In both the training and validation cohorts, CT T3-4 stage, CT-N positive status, and CT-EMVI positive status are more prevalent in the LVI/PNI-positive group and these differences are statistically significant (P < 0.05). LR analysis of the training group showed preoperative CT-T stage, CT-EMVI, single-energy CT values of 70 keV of venous phase (VP-70 keV), and the ratio of standardized iodine concentration of equilibrium phase (EP-NIC) were independent influencing factors. The AUCs of VP-70 keV and EP-NIC were 0.888 and 0.824, respectively, which were slightly greater than those of CT-T and CT-EMVI (AUC = 0.793, 0.762). The nomogram combining CT-T stage, CT-EMVI, VP-70 keV and EP-NIC yielded AUCs of 0.918 (0.866-0.954) and 0.874 (0.784-0.936) in the training and validation cohorts, which are significantly higher than using each of single independent factors (P < 0.05).

CONCLUSION

The study found that using portal venous and EP spectral CT parameters allows effective preoperative detection of LVI/PNI in GC, with accuracy boosted by integrating clinical markers.

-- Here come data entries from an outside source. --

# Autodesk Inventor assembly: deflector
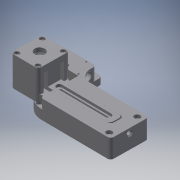
[picture p0: Inventor's stored thumbnail of the model, 180x180]
Saved by Autodesk Inventor 2019.3 (Build 233278000, 278)
## iProperties
Created: 2020-08-24
Part Number: deflector
Material: Generisch
Document SubType Name: Assembly
Designer: Nicolas Frick
Author: Nicolas Frick
## Documents named in this file (6)
- C:\Users\Nicolas Frick\Sync\OneDrive\airhockeybot\mechanical_design\inventor\deflector.iam
- C:\Users\Nicolas Frick\Sync\OneDrive\airhockeybot\mechanical_design\inventor\Bearing_support_outside.ipt
- C:\Users\Nicolas Frick\Sync\OneDrive\airhockeybot\mechanical_design\inventor\Bearing_support_inside.ipt
- C:\Users\Nicolas Frick\Sync\OneDrive\airhockeybot\mechanical_design\inventor\Fixture_mid.ipt
- C:\Users\Nicolas Frick\Sync\OneDrive\airhockeybot\mechanical_design\inventor\Fixture_linear_mid.ipt
- C:\Users\Nicolas Frick\Sync\OneDrive\airhockeybot\mechanical_design\inventor\Pulley.iam
## Components (5 placed, 5 different names)
1. Bearing_support_outside:1 — Passend:15, Fluchtend:1, Fluchtend:2
2. Bearing_support_inside:1 — Passend:15, Fluchtend:1, Fluchtend:2, Fluchtend:3, Passend:19, Passend:20, Passend:26
3. Fixture_mid:1 — Fluchtend:3, Passend:19, Passend:20, Passend:21, Fluchtend:4, Passend:25
4. Fixture_linear_mid:1 — Passend:21, Fluchtend:4, Passend:25
5. Pulley:1 [sub-assembly] — Passend:26
## Relationships (10: Mate 6, Flush 4)
- Passend:15 [Mate]: Bearing_support_outside:1 ↔ Bearing_support_inside:1
- Fluchtend:1 [Flush]: Bearing_support_outside:1 ↔ Bearing_support_inside:1
- Fluchtend:2 [Flush]: Bearing_support_outside:1 ↔ Bearing_support_inside:1
- Fluchtend:3 [Flush] (-25 mm): Bearing_support_inside:1 ↔ Fixture_mid:1
- Passend:19 [Mate]: Bearing_support_inside:1 ↔ Fixture_mid:1
- Passend:20 [Mate] (4.996 mm): Bearing_support_inside:1 ↔ Fixture_mid:1
- Passend:21 [Mate]: Fixture_mid:1 ↔ Fixture_linear_mid:1
- Fluchtend:4 [Flush]: Fixture_mid:1 ↔ Fixture_linear_mid:1
- Passend:25 [Mate]: Fixture_mid:1 ↔ Fixture_linear_mid:1
- Passend:26 [Mate]: Bearing_support_inside:1 ↔ Pulley:1
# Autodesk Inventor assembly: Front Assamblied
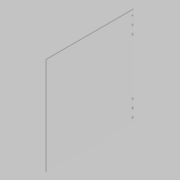
[picture p0: Inventor's stored thumbnail of the model, 180x180]
Saved by Autodesk Inventor 2020 (Build 240168000, 168)
## iProperties
Created: 2020-08-05
Part Number: Front Assamblied
Document SubType Name: Assembly
Designer: Abbas
Author: Abbas
## Documents named in this file (3)
- C:\Users\LENOVO\Desktop\Graduation Project\Fish Farming Unit\Electric Box\Front Assamblied.iam
- C:\Users\LENOVO\Desktop\Graduation Project\Fish Farming Unit\Electric Box\Front.ipt
- C:\Users\LENOVO\Desktop\Graduation Project\Fish Farming Unit\Electric Box\Peice 2.ipt
## Components (3 placed, 2 different names)
1. Front:2 — Mate:1, Insert:1, Mate:2, Insert:2
2. Peice 2:1 — Mate:1, Insert:1
3. Peice 2:2 — Mate:2, Insert:2
## Relationships (4: Mate 2, Insert 2)
- Mate:1: Front:2 ↔ Peice 2:1
- Insert:1: Front:2 ↔ Peice 2:1
- Mate:2: Front:2 ↔ Peice 2:2
- Insert:2: Front:2 ↔ Peice 2:2
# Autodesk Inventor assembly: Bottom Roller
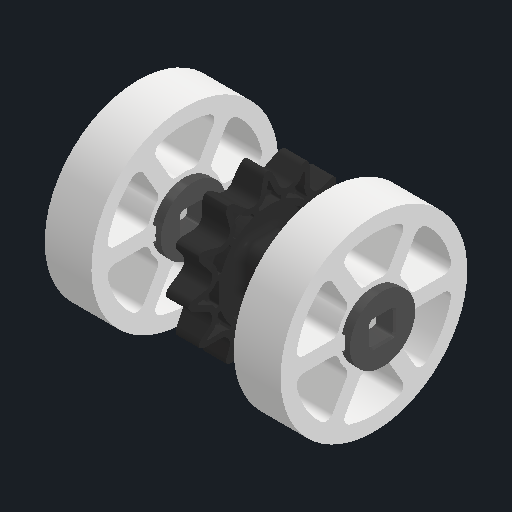
[picture p0: Inventor's stored thumbnail of the model, 512x512]
Saved by Autodesk Inventor 2025 (Build 290162000, 162)
## iProperties
Created: 2024-12-25
Part Number: Bottom Roller
Document SubType Name: Assembly
Designer: Averey Ku
Author: Averey Ku
## Documents named in this file (4)
- D:\VEX\High Stakes\CAD\V4\Conveyer\Bottom Roller.iam
- D:\VEX\High Stakes\CAD\ROBOPROS-CAD-Inventor\Motion\Sprockets\9P Sprocket\9P 12T Sprocket, No Insert.iam
- D:\VEX\High Stakes\CAD\ROBOPROS-CAD-Inventor\Motion\Sprockets\9P Sprocket.iam
- D:\VEX\High Stakes\CAD\ROBOPROS-CAD-Inventor\Quick Assemblies\2.000 30A .500 With Adapters.iam
## Components (3 placed, 2 different names)
1. 9P 12T Sprocket, No Insert:1 [sub-assembly] — Insert:1, Insert:2
2. 2.000 30A .500 With Adapters:1 [sub-assembly] — Insert:1
3. 2.000 30A .500 With Adapters:2 [sub-assembly] — Insert:2
## Relationships (2: Insert 2)
- Insert:1 (10.3188 mm): 9P 12T Sprocket, No Insert:1 ↔ 2.000 30A .500 With Adapters:1
- Insert:2 (10.3188 mm): 9P 12T Sprocket, No Insert:1 ↔ 2.000 30A .500 With Adapters:2
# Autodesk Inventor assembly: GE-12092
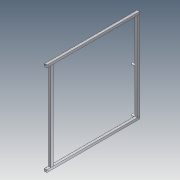
[picture p0: Inventor's stored thumbnail of the model, 180x180]
Saved by Autodesk Inventor 2012 (Build 160160000, 160)
## iProperties
Created: 2011-10-10
Part Number: GE-12092
Document SubType Name: Assembly
Designer: dfoster
Description: Corral Frame, Left
Title: Corral Frame, Left
Author: dfoster
## Documents named in this file (4)
- C:\Data Folder\FRC 2012 Field\Components\GE-12092.iam
- C:\Data Folder\FRC 2012 Field\Components\GE-12092-01.ipt
- C:\Data Folder\FRC 2012 Field\Components\GE-12092-02.ipt
- C:\Data Folder\FRC 2012 Field\Components\GE-12092-03.ipt
## Components (6 placed, 3 different names)
1. GE-12092-01:1 — Flush:5, Flush:1, Flush:3, Flush:2, Mate:1
2. GE-12092-01:2 — Flush:5, Flush:4, Mate:2
3. GE-12092-02:1 — Flush:1
4. GE-12092-02:2 — Flush:4, Mate:2, Flush:3, Flush:2, Mate:1
5. GE-12092-03:1
6. GE-12092-03:2
## Relationships (13: Mate 8, Flush 5)
- Flush:5: GE-12092-01:1 ↔ GE-12092-01:2
- Flush:1: GE-12092-01:1 ↔ GE-12092-02:1
- Flush:4: GE-12092-01:2 ↔ GE-12092-02:2
- Mate:2: GE-12092-01:2 ↔ GE-12092-02:2
- Flush:3 (50.8 mm): GE-12092-01:1 ↔ GE-12092-02:2
- Flush:2: GE-12092-01:1 ↔ GE-12092-02:2
- Mate:1: GE-12092-01:1 ↔ GE-12092-02:2
- [Mate] (-15.875 mm): GE-12092-01:1 ↔ GE-12092-03:1
- [Mate] (-15.875 mm): GE-12092-01:1 ↔ GE-12092-03:1
- [Mate] (-593.725 mm): GE-12092-01:1 ↔ GE-12092-03:2
- [Mate] (-15.875 mm): GE-12092-02:1 ↔ GE-12092-03:2
- [Mate]: GE-12092-01:1 ↔ GE-12092-03:1
- [Mate]: GE-12092-02:1 ↔ GE-12092-03:2
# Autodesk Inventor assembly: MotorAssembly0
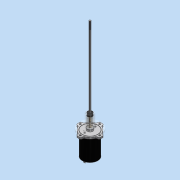
[picture p0: Inventor's stored thumbnail of the model, 180x180]
Saved by Autodesk Inventor 2017.3 (Build 213256000, 256)
## iProperties
Created: 2016-10-13
Part Number: MotorAssembly0
Document SubType Name: Assembly
Designer: techn
Author: techn
## Documents named in this file (7)
- G:\Projects\Submarine\Submarine-project\CAD\aft\MotorAssembly0.iam
- G:\Projects\Submarine\Submarine-project\CAD\aft\ShaftSeal\4mmShaftSeal.iam
- G:\Projects\Submarine\Submarine-project\CAD\aft\540DCMotor.ipt
- G:\Projects\Submarine\Submarine-project\CAD\aft\MotorMount.ipt
- G:\Projects\Submarine\Submarine-project\CAD\aft\MotorShaftCoupler.ipt
- G:\Projects\Submarine\Submarine-project\CAD\aft\DriveShaft4mm.ipt
- G:\Projects\Submarine\Submarine-project\CAD\aft\MotorMountNutHolder.ipt
## Components (6 placed, 6 different names)
1. 4mmShaftSeal:1 [sub-assembly] — Mate:3, Flush:1, Mate:7
2. 540DCMotor:1 — Mate:1, Mate:2, Mate:3, Mate:4, Mate:6
3. MotorMount:1 — Mate:1, Mate:4, Mate:5, Flush:1, Mate:6, Mate:9, Mate:10
4. MotorShaftCoupler:1 — Mate:2, Mate:5, Mate:8
5. DriveShaft4mm:1 — Mate:7, Mate:8
6. MotorMountNutHolder:1 — Mate:9, Mate:10, Angle:1
## Relationships (12: Mate 10, Flush 1, Angle 1)
- Mate:1: 540DCMotor:1 ↔ MotorMount:1
- Mate:2: 540DCMotor:1 ↔ MotorShaftCoupler:1
- Mate:3: 4mmShaftSeal:1 ↔ 540DCMotor:1
- Mate:4: 540DCMotor:1 ↔ MotorMount:1
- Mate:5 (1.27 mm): MotorMount:1 ↔ MotorShaftCoupler:1
- Flush:1: 4mmShaftSeal:1 ↔ MotorMount:1
- Mate:6: 540DCMotor:1 ↔ MotorMount:1
- Mate:7: 4mmShaftSeal:1 ↔ DriveShaft4mm:1
- Mate:8: MotorShaftCoupler:1 ↔ DriveShaft4mm:1
- Mate:9: MotorMount:1 ↔ MotorMountNutHolder:1
- Mate:10: MotorMount:1 ↔ MotorMountNutHolder:1
- Angle:1 (0 deg): MotorMountNutHolder:1

Keywords: Spectral computed tomography, Gastric cancer, Lymphovascular invasion, Perineural invasion

Core Tip: This study developed a machine learning model using clinical indicators and spectral computed tomography (CT) imaging parameters to preoperatively predict lymphovascular and perineural invasive risk in gastric cancer patients. The model combining CT staging, extramural vein invasive based on CT, and quantitative spectral CT measures had high accuracy for noninvasive prediction of these important histological features.